I had access to almost every resource in the book. I had health insurance that covered intensive treatment. I had a mom that could work remotely while being by my side. I had a dean that kindly laid out my options on a silver platter. Yet, I was still allowed to leave the counseling center while showing obvious signs of crisis. I was told I could access Bowdoin’s psychiatric services while on leave then denied those same resources three months later. I participated in a separate round of course registration that did not account for returning students and drastically limited our academic options. I was asked to step on a scale, blinking aggressively with how much weight I’d gained, in front of my whole team. I stared at Bowdoin’s page on eating disorders where a measly paragraph with no substantial information glared back at me. I was assigned both a new adviser and dean without warning or notice. This, unfortunately, is just the tip of the iceberg.

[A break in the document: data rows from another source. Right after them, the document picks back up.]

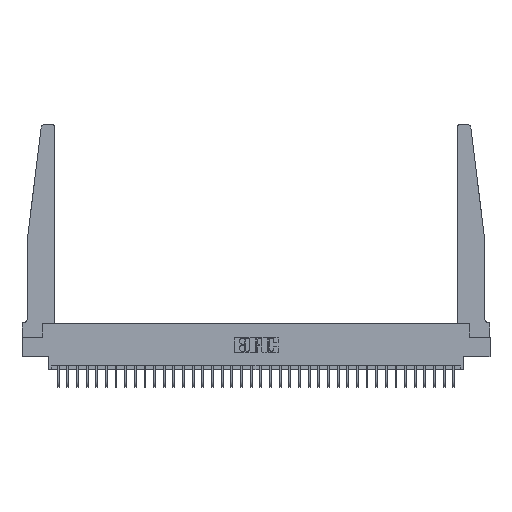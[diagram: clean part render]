
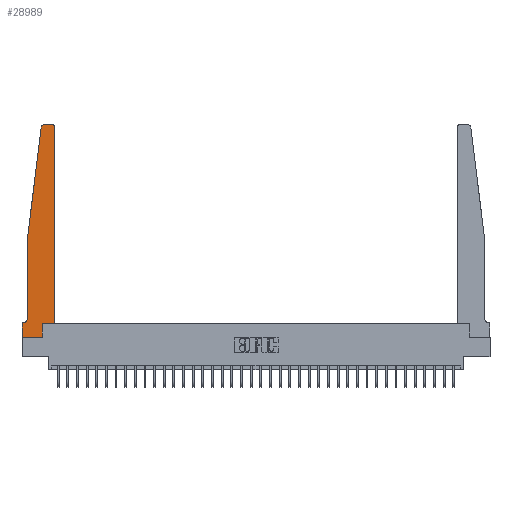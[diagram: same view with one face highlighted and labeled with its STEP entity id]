
A CAD part, top view. The second image highlights one B-rep face of the part: STEP entity #28989.
In plain terms, the highlighted planar face has unit normal (0, 0, 1).
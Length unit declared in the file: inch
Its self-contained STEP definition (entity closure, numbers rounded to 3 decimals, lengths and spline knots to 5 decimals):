
#133 = CARTESIAN_POINT ( 'NONE',  ( 0.2605, 0.18, 0.37 ) ) ;
#693 = VECTOR ( 'NONE', #32962, 39.37008 ) ;
#759 = VECTOR ( 'NONE', #15666, 39.37008 ) ;
#1766 = PLANE ( 'NONE',  #22876 ) ;
#2129 = CARTESIAN_POINT ( 'NONE',  ( 0.425, 0.18, 0.37 ) ) ;
#2424 = EDGE_CURVE ( 'NONE', #28098, #5545, #13963, .T. ) ;
#2871 = EDGE_CURVE ( 'NONE', #2934, #18006, #23715, .T. ) ;
#2934 = VERTEX_POINT ( 'NONE', #10438 ) ;
#3237 = VECTOR ( 'NONE', #16450, 39.37008 ) ;
#4736 = DIRECTION ( 'NONE',  ( 1., 0., 0. ) ) ;
#5385 = VERTEX_POINT ( 'NONE', #34401 ) ;
#5545 = VERTEX_POINT ( 'NONE', #26673 ) ;
#5551 = VERTEX_POINT ( 'NONE', #21242 ) ;
#5577 = VECTOR ( 'NONE', #32909, 39.37008 ) ;
#5767 = EDGE_CURVE ( 'NONE', #9297, #29263, #7085, .T. ) ;
#5879 = CARTESIAN_POINT ( 'NONE',  ( 0., 0., 0.37 ) ) ;
#6362 = AXIS2_PLACEMENT_3D ( 'NONE', #7973, #19113, #29142 ) ;
#6446 = CARTESIAN_POINT ( 'NONE',  ( 0.065, 0.1875, 0.37 ) ) ;
#6563 = EDGE_CURVE ( 'NONE', #5545, #5551, #23403, .T. ) ;
#7018 = FACE_OUTER_BOUND ( 'NONE', #11725, .T. ) ;
#7085 = LINE ( 'NONE', #32969, #17664 ) ;
#7134 = EDGE_CURVE ( 'NONE', #5551, #9297, #30418, .T. ) ;
#7694 = DIRECTION ( 'NONE',  ( 0., 0., 1. ) ) ;
#7707 = AXIS2_PLACEMENT_3D ( 'NONE', #31281, #10440, #23372 ) ;
#7973 = CARTESIAN_POINT ( 'NONE',  ( 0.395, 2.72, 0.37 ) ) ;
#8054 = ORIENTED_EDGE ( 'NONE', *, *, #28405, .T. ) ;
#8351 = AXIS2_PLACEMENT_3D ( 'NONE', #16441, #10702, #16090 ) ;
#8384 = CARTESIAN_POINT ( 'NONE',  ( 0.065, 1.25, 0.37 ) ) ;
#8426 = LINE ( 'NONE', #19057, #3237 ) ;
#8614 = CARTESIAN_POINT ( 'NONE',  ( 0.395, 2.75, 0.37 ) ) ;
#8992 = DIRECTION ( 'NONE',  ( -0.122, -0.992, 0. ) ) ;
#9297 = VERTEX_POINT ( 'NONE', #33015 ) ;
#10293 = ORIENTED_EDGE ( 'NONE', *, *, #25663, .T. ) ;
#10438 = CARTESIAN_POINT ( 'NONE',  ( 0.2605, 0., 0.37 ) ) ;
#10440 = DIRECTION ( 'NONE',  ( 0., 0., 1. ) ) ;
#10702 = DIRECTION ( 'NONE',  ( 0., 0., -1. ) ) ;
#10773 = ORIENTED_EDGE ( 'NONE', *, *, #28882, .T. ) ;
#10844 = DIRECTION ( 'NONE',  ( 0., -1., 0. ) ) ;
#11456 = LINE ( 'NONE', #5879, #693 ) ;
#11725 = EDGE_LOOP ( 'NONE', ( #10773, #10293, #8054, #20541, #15459, #19511, #32176, #33550, #15326, #20205, #26231, #23024 ) ) ;
#11964 = VECTOR ( 'NONE', #17061, 39.37008 ) ;
#13118 = VECTOR ( 'NONE', #10844, 39.37008 ) ;
#13963 = LINE ( 'NONE', #8384, #13118 ) ;
#14171 = LINE ( 'NONE', #24833, #5577 ) ;
#14209 = LINE ( 'NONE', #22416, #16627 ) ;
#15326 = ORIENTED_EDGE ( 'NONE', *, *, #2871, .T. ) ;
#15459 = ORIENTED_EDGE ( 'NONE', *, *, #6563, .T. ) ;
#15666 = DIRECTION ( 'NONE',  ( 0., 1., 0. ) ) ;
#15833 = VERTEX_POINT ( 'NONE', #20805 ) ;
#16090 = DIRECTION ( 'NONE',  ( -1., 0., 0. ) ) ;
#16441 = CARTESIAN_POINT ( 'NONE',  ( 0.015, 0.2375, 0.37 ) ) ;
#16450 = DIRECTION ( 'NONE',  ( 1., 0., 0. ) ) ;
#16627 = VECTOR ( 'NONE', #8992, 39.37008 ) ;
#17061 = DIRECTION ( 'NONE',  ( -1., 0., 0. ) ) ;
#17063 = VECTOR ( 'NONE', #18018, 39.37008 ) ;
#17664 = VECTOR ( 'NONE', #25419, 39.37008 ) ;
#17892 = VERTEX_POINT ( 'NONE', #8614 ) ;
#18006 = VERTEX_POINT ( 'NONE', #24499 ) ;
#18018 = DIRECTION ( 'NONE',  ( 0., 1., 0. ) ) ;
#19040 = VERTEX_POINT ( 'NONE', #25101 ) ;
#19057 = CARTESIAN_POINT ( 'NONE',  ( 0.425, 0.18, 0.37 ) ) ;
#19113 = DIRECTION ( 'NONE',  ( 0., 0., 1. ) ) ;
#19511 = ORIENTED_EDGE ( 'NONE', *, *, #7134, .T. ) ;
#20205 = ORIENTED_EDGE ( 'NONE', *, *, #27420, .T. ) ;
#20541 = ORIENTED_EDGE ( 'NONE', *, *, #2424, .T. ) ;
#20627 = EDGE_CURVE ( 'NONE', #31822, #17892, #31501, .T. ) ;
#20805 = CARTESIAN_POINT ( 'NONE',  ( 0.425, 0.18, 0.37 ) ) ;
#21242 = CARTESIAN_POINT ( 'NONE',  ( 0.015, 0.1875, 0.37 ) ) ;
#21337 = LINE ( 'NONE', #2129, #17063 ) ;
#22416 = CARTESIAN_POINT ( 'NONE',  ( 0.065, 1.25, 0.37 ) ) ;
#22769 = CIRCLE ( 'NONE', #7707, 0.03 ) ;
#22864 = CARTESIAN_POINT ( 'NONE',  ( 0.065, 1.25, 0.37 ) ) ;
#22876 = AXIS2_PLACEMENT_3D ( 'NONE', #28690, #7694, #4736 ) ;
#23024 = ORIENTED_EDGE ( 'NONE', *, *, #20627, .T. ) ;
#23255 = CARTESIAN_POINT ( 'NONE',  ( 0.425, 2.72, 0.37 ) ) ;
#23372 = DIRECTION ( 'NONE',  ( 1., 0., 0. ) ) ;
#23403 = CIRCLE ( 'NONE', #8351, 0.05 ) ;
#23557 = EDGE_CURVE ( 'NONE', #15833, #31822, #21337, .T. ) ;
#23715 = LINE ( 'NONE', #133, #759 ) ;
#24499 = CARTESIAN_POINT ( 'NONE',  ( 0.2605, 0.18, 0.37 ) ) ;
#24833 = CARTESIAN_POINT ( 'NONE',  ( 0.25, 2.75, 0.37 ) ) ;
#25101 = CARTESIAN_POINT ( 'NONE',  ( 0.27653, 2.75, 0.37 ) ) ;
#25419 = DIRECTION ( 'NONE',  ( 0., -1., 0. ) ) ;
#25663 = EDGE_CURVE ( 'NONE', #19040, #5385, #22769, .T. ) ;
#26231 = ORIENTED_EDGE ( 'NONE', *, *, #23557, .T. ) ;
#26673 = CARTESIAN_POINT ( 'NONE',  ( 0.065, 0.2375, 0.37 ) ) ;
#27420 = EDGE_CURVE ( 'NONE', #18006, #15833, #8426, .T. ) ;
#28098 = VERTEX_POINT ( 'NONE', #22864 ) ;
#28405 = EDGE_CURVE ( 'NONE', #5385, #28098, #14209, .T. ) ;
#28690 = CARTESIAN_POINT ( 'NONE',  ( 0., 0.1875, 0.37 ) ) ;
#28882 = EDGE_CURVE ( 'NONE', #17892, #19040, #14171, .T. ) ;
#28989 = ADVANCED_FACE ( 'NONE', ( #7018 ), #1766, .T. ) ;
#29142 = DIRECTION ( 'NONE',  ( 1., 0., 0. ) ) ;
#29263 = VERTEX_POINT ( 'NONE', #33388 ) ;
#30418 = LINE ( 'NONE', #6446, #11964 ) ;
#31281 = CARTESIAN_POINT ( 'NONE',  ( 0.27653, 2.72, 0.37 ) ) ;
#31501 = CIRCLE ( 'NONE', #6362, 0.03 ) ;
#31822 = VERTEX_POINT ( 'NONE', #23255 ) ;
#32176 = ORIENTED_EDGE ( 'NONE', *, *, #5767, .T. ) ;
#32909 = DIRECTION ( 'NONE',  ( -1., 0., 0. ) ) ;
#32962 = DIRECTION ( 'NONE',  ( 1., 0., 0. ) ) ;
#32969 = CARTESIAN_POINT ( 'NONE',  ( 0., 0., 0.37 ) ) ;
#33015 = CARTESIAN_POINT ( 'NONE',  ( 0., 0.1875, 0.37 ) ) ;
#33388 = CARTESIAN_POINT ( 'NONE',  ( 0., 0., 0.37 ) ) ;
#33550 = ORIENTED_EDGE ( 'NONE', *, *, #33942, .T. ) ;
#33942 = EDGE_CURVE ( 'NONE', #29263, #2934, #11456, .T. ) ;
#34401 = CARTESIAN_POINT ( 'NONE',  ( 0.24675, 2.72367, 0.37 ) ) ;

Bowdoin College, as an institution, has consistently abandoned and let down students struggling with mental and physical illness. Those who are most vulnerable are left with the least support. While there are many incredible and caring individuals on the College’s faculty and within the administration, the actions of our academic “home” give rise to a plethora of questions. Why is 2022 the first year that Bowdoin has a specialized dean for students returning from leave? Why do we post mental health related emergencies in the Orient’s Security Report? Have we failed to consider how this might turn people in crisis away from reaching out to security, for fear of their most vulnerable moments being published in the school newspaper?

How is sending students off campus to a potentially unsupportive or unstable home environment the only way to “keep them safe”? Do we really value the health and wellbeing of our students or do we see their illness as a liability? Why is our illness considered a burden on our professors, the very folk paid to teach and guide us?

Questions like these are just the beginning. As a middle class, white, cis-gendered woman on this campus, my voice will easily be amplified in this conversation. But let us not forget that for every story like mine, there are countless equivalents coming from shunned and marginalized voices, from those without a support system like mine and from those whose stories had a different ending. Let us listen to and amplify these stories, for it’s all of our experiences, not just mine, that deserve to be heard. Finally, let us use these stories to fuel policy change, to shift societal norms and to support those who need it most.